Your task –
Work through the data and say how many lines contain "LowerValue". The number alone is the answer.

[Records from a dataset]
*** Begin section ***

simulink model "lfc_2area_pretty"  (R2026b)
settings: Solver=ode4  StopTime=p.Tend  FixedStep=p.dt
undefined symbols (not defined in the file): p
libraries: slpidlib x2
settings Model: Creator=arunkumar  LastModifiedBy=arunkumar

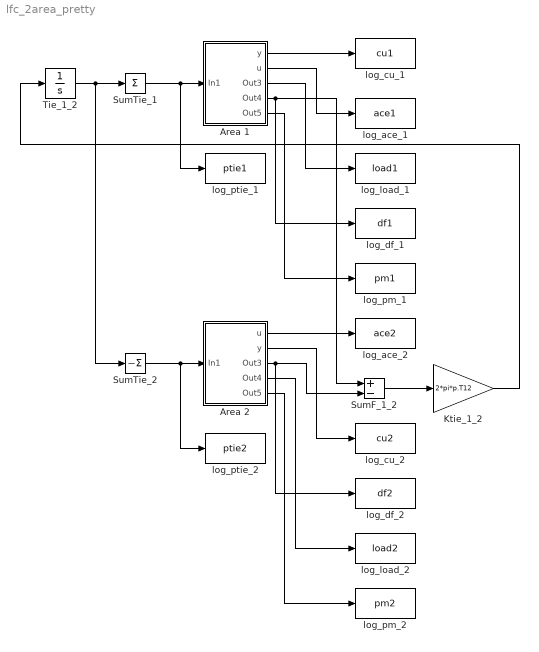
== system lfc_2area_pretty ==
  Area 1 : Subsystem
  Area 2 : Subsystem
  Ktie_1_2 : Gain  Gain=2*pi*p.T12
  SumF_1_2 : Sum  Inputs=+-
  SumTie_1 : Sum  Inputs=+
  SumTie_2 : Sum  Inputs=-
  Tie_1_2 : Integrator
  log_ace_1 : ToWorkspace  VariableName=ace1  SampleTime=-1
  log_ace_2 : ToWorkspace  VariableName=ace2  SampleTime=-1
  log_cu_1 : ToWorkspace  VariableName=cu1  SampleTime=-1
  log_cu_2 : ToWorkspace  VariableName=cu2  SampleTime=-1
  log_df_1 : ToWorkspace  VariableName=df1  SampleTime=-1
  log_df_2 : ToWorkspace  VariableName=df2  SampleTime=-1
  log_load_1 : ToWorkspace  VariableName=load1  SampleTime=-1
  log_load_2 : ToWorkspace  VariableName=load2  SampleTime=-1
  log_pm_1 : ToWorkspace  VariableName=pm1  SampleTime=-1
  log_pm_2 : ToWorkspace  VariableName=pm2  SampleTime=-1
  log_ptie_1 : ToWorkspace  VariableName=ptie1  SampleTime=-1
  log_ptie_2 : ToWorkspace  VariableName=ptie2  SampleTime=-1
  wires:
  SumF_1_2/1 -> Ktie_1_2/1
  Ktie_1_2/1 -> Tie_1_2/1
  Area 2/4(Out4) -> log_load_2/1
  Area 2/3(Out3) -> SumF_1_2/2, log_df_2/1
  Area 1/1(y) -> log_cu_1/1
  Area 2/1(u) -> log_ace_2/1
  Area 2/5(Out5) -> log_pm_2/1
  SumTie_2/1 -> Area 2/1(In1), log_ptie_2/1
  Area 1/5(Out5) -> log_pm_1/1
  Area 2/2(y) -> log_cu_2/1
  Area 1/4(Out4) -> SumF_1_2/1, log_df_1/1
  Area 1/3(Out3) -> log_load_1/1
  Tie_1_2/1 -> SumTie_1/1, SumTie_2/1
  Area 1/2(u) -> log_ace_1/1
  SumTie_1/1 -> Area 1/1(In1), log_ptie_1/1

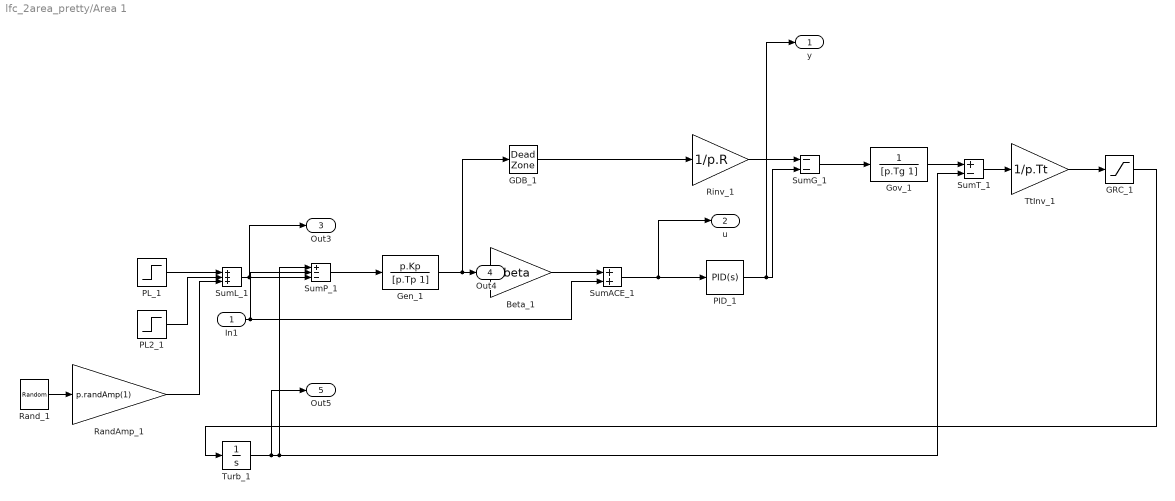
== system lfc_2area_pretty/Area 1 ==
  In1 : Inport
  Beta_1 : Gain  Gain=p.beta
  GDB_1 : DeadZone  LowerValue=-p.db  UpperValue=p.db
  GRC_1 : Saturate  UpperLimit=p.grc  LowerLimit=-p.grc
  Gen_1 : TransferFcn  Numerator=p.Kp  Denominator=[p.Tp 1]
  Gov_1 : TransferFcn  Numerator=1  Denominator=[p.Tg 1]
  PID_1 : slpidlib/PID Controller  Controller=PID  Form=Parallel  TimeDomain=Continuous-time  UseExternalTs=off  SampleTime=-1  IntegratorMethod=Forward Euler  FilterMethod=Forward Euler  ControllerParametersSource=internal  P=p.K(1,1)  I=p.K(1,2)  UseKiTs=off  D=p.K(1,3)  UseExternalDerivativeSource=off  N=p.N  UseFilter=on  TunerSelectOption=Transfer Function Based (PID Tuner App)  InitialConditionSource=internal  InitialConditionForIntegrator=0  InitialConditionForFilter=0  DifferentiatorICPrevScaledInput=0  ExternalReset=none  TrackingMode=off  Kt=1  LimitOutput=off  SatLimitsSource=internal  UpperSaturationLimit=inf  LowerSaturationLimit=-inf  LinearizeAsGain=on  AntiWindupMode=none  Kb=1  LimitIntegrator=off  UpperIntegratorSaturationLimit=inf  LowerIntegratorSaturationLimit=-inf  POutMin=[]  POutMax=[]  IOutMin=[]  IOutMax=[]  DOutMin=[]  DOutMax=[]  NOutMin=[]  NOutMax=[]  SumOutMin=[]  SumOutMax=[]  SaturationOutMin=[]  SaturationOutMax=[]  PParamMin=[]  PParamMax=[]  IParamMin=[]  IParamMax=[]  DParamMin=[]  DParamMax=[]  NParamMin=[]  NParamMax=[]  KbParamMin=[]  KbParamMax=[]  KtParamMin=[]  KtParamMax=[]  KbOutMin=[]  KbOutMax=[]  KtOutMin=[]  KtOutMax=[]  IntegratorOutMin=[]  IntegratorOutMax=[]  FilterOutMin=[]  FilterOutMax=[]  SumI1OutMin=[]  SumI1OutMax=[]  SumI2OutMin=[]  SumI2OutMax=[]  SumI3OutMin=[]  SumI3OutMax=[]  SumI4OutMin=[]  SumI4OutMax=[]  SumDOutMin=[]  SumDOutMax=[]  DifferentiatorOutMin=[]  DifferentiatorOutMax=[]  FilterDiffOutCoefMin=[]  FilterDiffOutCoefMax=[]  ReciprocalOutMin=[]  ReciprocalOutMax=[]  SumDenOutMin=[]  SumDenOutMax=[]  SumNumOutMin=[]  SumNumOutMax=[]  DivideOutMin=[]  DivideOutMax=[]  UdiffTsProdOutMin=[]  UdiffTsProdOutMax=[]  NTsProdOutMin=[]  NTsProdOutMax=[]  UintegralTsProdOutMin=[]  UintegralTsProdOutMax=[]  UngainTsProdOutMin=[]  UngainTsProdOutMax=[]  ClampingZeroOutDataTypeStr=Inherit: Inherit via back propagation  ClampingZeroOutMin=[]  ClampingZeroOutMax=[]  FilterDenConstantOutDataTypeStr=Inherit: Inherit via back propagation  FilterDenConstantOutMin=[]  FilterDenConstantOutMax=[]  PCopyOutDataTypeStr=Inherit: Inherit via back propagation  PCopyOutMin=[]  PCopyOutMax=[]  NCopyOutDataTypeStr=Inherit: Inherit via back propagation  NCopyOutMin=[]  NCopyOutMax=[]  IntegratorContinuousStateAttributes=''  IntegratorStateMustResolveToSignalObject=off  IntegratorRTWStateStorageClass=Auto  FilterContinuousStateAttributes=''  FilterStateMustResolveToSignalObject=off  FilterRTWStateStorageClass=Auto  ParallelPVariant=InternalParameters  IdealPVariant=Disabled  IVariant=InternalParameters  DVariant=InternalParameters  IntegratorVariant=Continuous  SatVariant=Disabled  AWVariant=Passthrough  PCopyVariant=Disabled  TRVariant=Disabled  FdbkBlocksVariant=Forward  IdealPFdbkVariant=Disabled  SatFdbkVariant=Disabled  DerivativeFilterVariant=ContFilter  NVariant=InternalParameters  NCopyVariant=Disabled  FilterICVariant=InternalICsFilter  IntegratorICVariant=InternalICs  ExternalResetVariant=Disabled  TRSumVariant=Passthrough  SumFdbkVariant=Disabled  SumVariant=Sum_PID  TsampFilterVariant=InternalTs  TsampNgainVariant=Passthrough  TsampIntegralVariant=Disabled_SignalSpec  ExternalSaturationOutDataTypeStr=Inherit: Same as second input  DerivativeSourceVariant=ErrorSignal  PreIntVariant=InternalPreInt
  PL2_1 : Step  Time=p.tL2  FinalValue=p.dPL2(1)  SampleTime=0
  PL_1 : Step  Time=0  FinalValue=p.dPL(1)  SampleTime=0
  RandAmp_1 : Gain  Gain=p.randAmp(1)
  Rand_1 : UniformRandomNumber  Seed=p.randSeed+1  SampleTime=p.randTs
  Rinv_1 : Gain  Gain=1/p.R
  SumACE_1 : Sum
  SumG_1 : Sum  Inputs=--
  SumL_1 : Sum  Inputs=+++
  SumP_1 : Sum  Inputs=+--
  SumT_1 : Sum  Inputs=+-
  TtInv_1 : Gain  Gain=1/p.Tt
  Turb_1 : Integrator
  y : Outport
  u : Outport  Port=2
  Out3 : Outport  Port=3
  Out4 : Outport  Port=4
  Out5 : Outport  Port=5
  wires:
  RandAmp_1/1 -> SumL_1/3
  Rinv_1/1 -> SumG_1/1
  PL2_1/1 -> SumL_1/2
  SumACE_1/1 -> u/1, PID_1/1
  GDB_1/1 -> Rinv_1/1
  SumP_1/1 -> Gen_1/1
  PID_1/1 -> y/1, SumG_1/2
  GRC_1/1 -> Turb_1/1
  Turb_1/1 -> Out5/1, SumP_1/1, SumT_1/2
  SumT_1/1 -> TtInv_1/1
  PL_1/1 -> SumL_1/1
  In1/1 -> SumACE_1/2, SumP_1/2
  Beta_1/1 -> SumACE_1/1
  Gen_1/1 -> GDB_1/1, Beta_1/1, Out4/1
  Gov_1/1 -> SumT_1/1
  SumL_1/1 -> Out3/1, SumP_1/3
  Rand_1/1 -> RandAmp_1/1
  TtInv_1/1 -> GRC_1/1
  SumG_1/1 -> Gov_1/1

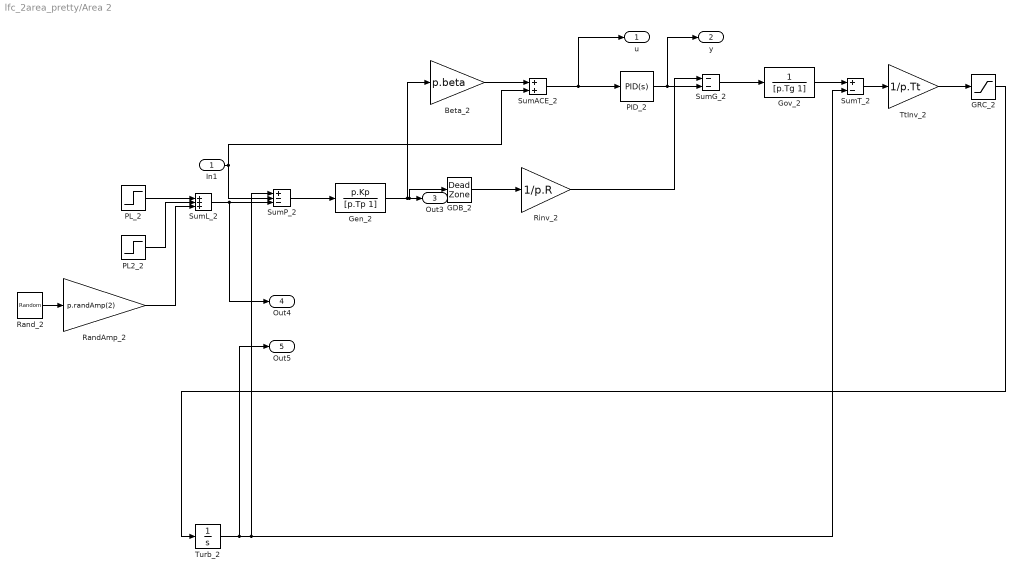
== system lfc_2area_pretty/Area 2 ==
  In1 : Inport
  Beta_2 : Gain  Gain=p.beta
  GDB_2 : DeadZone  LowerValue=-p.db  UpperValue=p.db
  GRC_2 : Saturate  UpperLimit=p.grc  LowerLimit=-p.grc
  Gen_2 : TransferFcn  Numerator=p.Kp  Denominator=[p.Tp 1]
  Gov_2 : TransferFcn  Numerator=1  Denominator=[p.Tg 1]
  PID_2 : slpidlib/PID Controller  Controller=PID  Form=Parallel  TimeDomain=Continuous-time  UseExternalTs=off  SampleTime=-1  IntegratorMethod=Forward Euler  FilterMethod=Forward Euler  ControllerParametersSource=internal  P=p.K(2,1)  I=p.K(2,2)  UseKiTs=off  D=p.K(2,3)  UseExternalDerivativeSource=off  N=p.N  UseFilter=on  TunerSelectOption=Transfer Function Based (PID Tuner App)  InitialConditionSource=internal  InitialConditionForIntegrator=0  InitialConditionForFilter=0  DifferentiatorICPrevScaledInput=0  ExternalReset=none  TrackingMode=off  Kt=1  LimitOutput=off  SatLimitsSource=internal  UpperSaturationLimit=inf  LowerSaturationLimit=-inf  LinearizeAsGain=on  AntiWindupMode=none  Kb=1  LimitIntegrator=off  UpperIntegratorSaturationLimit=inf  LowerIntegratorSaturationLimit=-inf  POutMin=[]  POutMax=[]  IOutMin=[]  IOutMax=[]  DOutMin=[]  DOutMax=[]  NOutMin=[]  NOutMax=[]  SumOutMin=[]  SumOutMax=[]  SaturationOutMin=[]  SaturationOutMax=[]  PParamMin=[]  PParamMax=[]  IParamMin=[]  IParamMax=[]  DParamMin=[]  DParamMax=[]  NParamMin=[]  NParamMax=[]  KbParamMin=[]  KbParamMax=[]  KtParamMin=[]  KtParamMax=[]  KbOutMin=[]  KbOutMax=[]  KtOutMin=[]  KtOutMax=[]  IntegratorOutMin=[]  IntegratorOutMax=[]  FilterOutMin=[]  FilterOutMax=[]  SumI1OutMin=[]  SumI1OutMax=[]  SumI2OutMin=[]  SumI2OutMax=[]  SumI3OutMin=[]  SumI3OutMax=[]  SumI4OutMin=[]  SumI4OutMax=[]  SumDOutMin=[]  SumDOutMax=[]  DifferentiatorOutMin=[]  DifferentiatorOutMax=[]  FilterDiffOutCoefMin=[]  FilterDiffOutCoefMax=[]  ReciprocalOutMin=[]  ReciprocalOutMax=[]  SumDenOutMin=[]  SumDenOutMax=[]  SumNumOutMin=[]  SumNumOutMax=[]  DivideOutMin=[]  DivideOutMax=[]  UdiffTsProdOutMin=[]  UdiffTsProdOutMax=[]  NTsProdOutMin=[]  NTsProdOutMax=[]  UintegralTsProdOutMin=[]  UintegralTsProdOutMax=[]  UngainTsProdOutMin=[]  UngainTsProdOutMax=[]  ClampingZeroOutDataTypeStr=Inherit: Inherit via back propagation  ClampingZeroOutMin=[]  ClampingZeroOutMax=[]  FilterDenConstantOutDataTypeStr=Inherit: Inherit via back propagation  FilterDenConstantOutMin=[]  FilterDenConstantOutMax=[]  PCopyOutDataTypeStr=Inherit: Inherit via back propagation  PCopyOutMin=[]  PCopyOutMax=[]  NCopyOutDataTypeStr=Inherit: Inherit via back propagation  NCopyOutMin=[]  NCopyOutMax=[]  IntegratorContinuousStateAttributes=''  IntegratorStateMustResolveToSignalObject=off  IntegratorRTWStateStorageClass=Auto  FilterContinuousStateAttributes=''  FilterStateMustResolveToSignalObject=off  FilterRTWStateStorageClass=Auto  ParallelPVariant=InternalParameters  IdealPVariant=Disabled  IVariant=InternalParameters  DVariant=InternalParameters  IntegratorVariant=Continuous  SatVariant=Disabled  AWVariant=Passthrough  PCopyVariant=Disabled  TRVariant=Disabled  FdbkBlocksVariant=Forward  IdealPFdbkVariant=Disabled  SatFdbkVariant=Disabled  DerivativeFilterVariant=ContFilter  NVariant=InternalParameters  NCopyVariant=Disabled  FilterICVariant=InternalICsFilter  IntegratorICVariant=InternalICs  ExternalResetVariant=Disabled  TRSumVariant=Passthrough  SumFdbkVariant=Disabled  SumVariant=Sum_PID  TsampFilterVariant=InternalTs  TsampNgainVariant=Passthrough  TsampIntegralVariant=Disabled_SignalSpec  ExternalSaturationOutDataTypeStr=Inherit: Same as second input  DerivativeSourceVariant=ErrorSignal  PreIntVariant=InternalPreInt
  PL2_2 : Step  Time=p.tL2  FinalValue=p.dPL2(2)  SampleTime=0
  PL_2 : Step  Time=0  FinalValue=p.dPL(2)  SampleTime=0
  RandAmp_2 : Gain  Gain=p.randAmp(2)
  Rand_2 : UniformRandomNumber  Seed=p.randSeed+2  SampleTime=p.randTs
  Rinv_2 : Gain  Gain=1/p.R
  SumACE_2 : Sum
  SumG_2 : Sum  Inputs=--
  SumL_2 : Sum  Inputs=+++
  SumP_2 : Sum  Inputs=+--
  SumT_2 : Sum  Inputs=+-
  TtInv_2 : Gain  Gain=1/p.Tt
  Turb_2 : Integrator
  u : Outport
  y : Outport  Port=2
  Out3 : Outport  Port=3
  Out4 : Outport  Port=4
  Out5 : Outport  Port=5
  wires:
  PL2_2/1 -> SumL_2/2
  SumP_2/1 -> Gen_2/1
  PL_2/1 -> SumL_2/1
  Rinv_2/1 -> SumG_2/1
  SumG_2/1 -> Gov_2/1
  GDB_2/1 -> Rinv_2/1
  GRC_2/1 -> Turb_2/1
  Rand_2/1 -> RandAmp_2/1
  RandAmp_2/1 -> SumL_2/3
  SumL_2/1 -> Out4/1, SumP_2/3
  PID_2/1 -> y/1, SumG_2/2
  TtInv_2/1 -> GRC_2/1
  Gen_2/1 -> GDB_2/1, Out3/1, Beta_2/1
  SumACE_2/1 -> u/1, PID_2/1
  Turb_2/1 -> Out5/1, SumP_2/1, SumT_2/2
  Beta_2/1 -> SumACE_2/1
  Gov_2/1 -> SumT_2/1
  In1/1 -> SumACE_2/2, SumP_2/2
  SumT_2/1 -> TtInv_2/1

*** End section ***

Result of this task –
2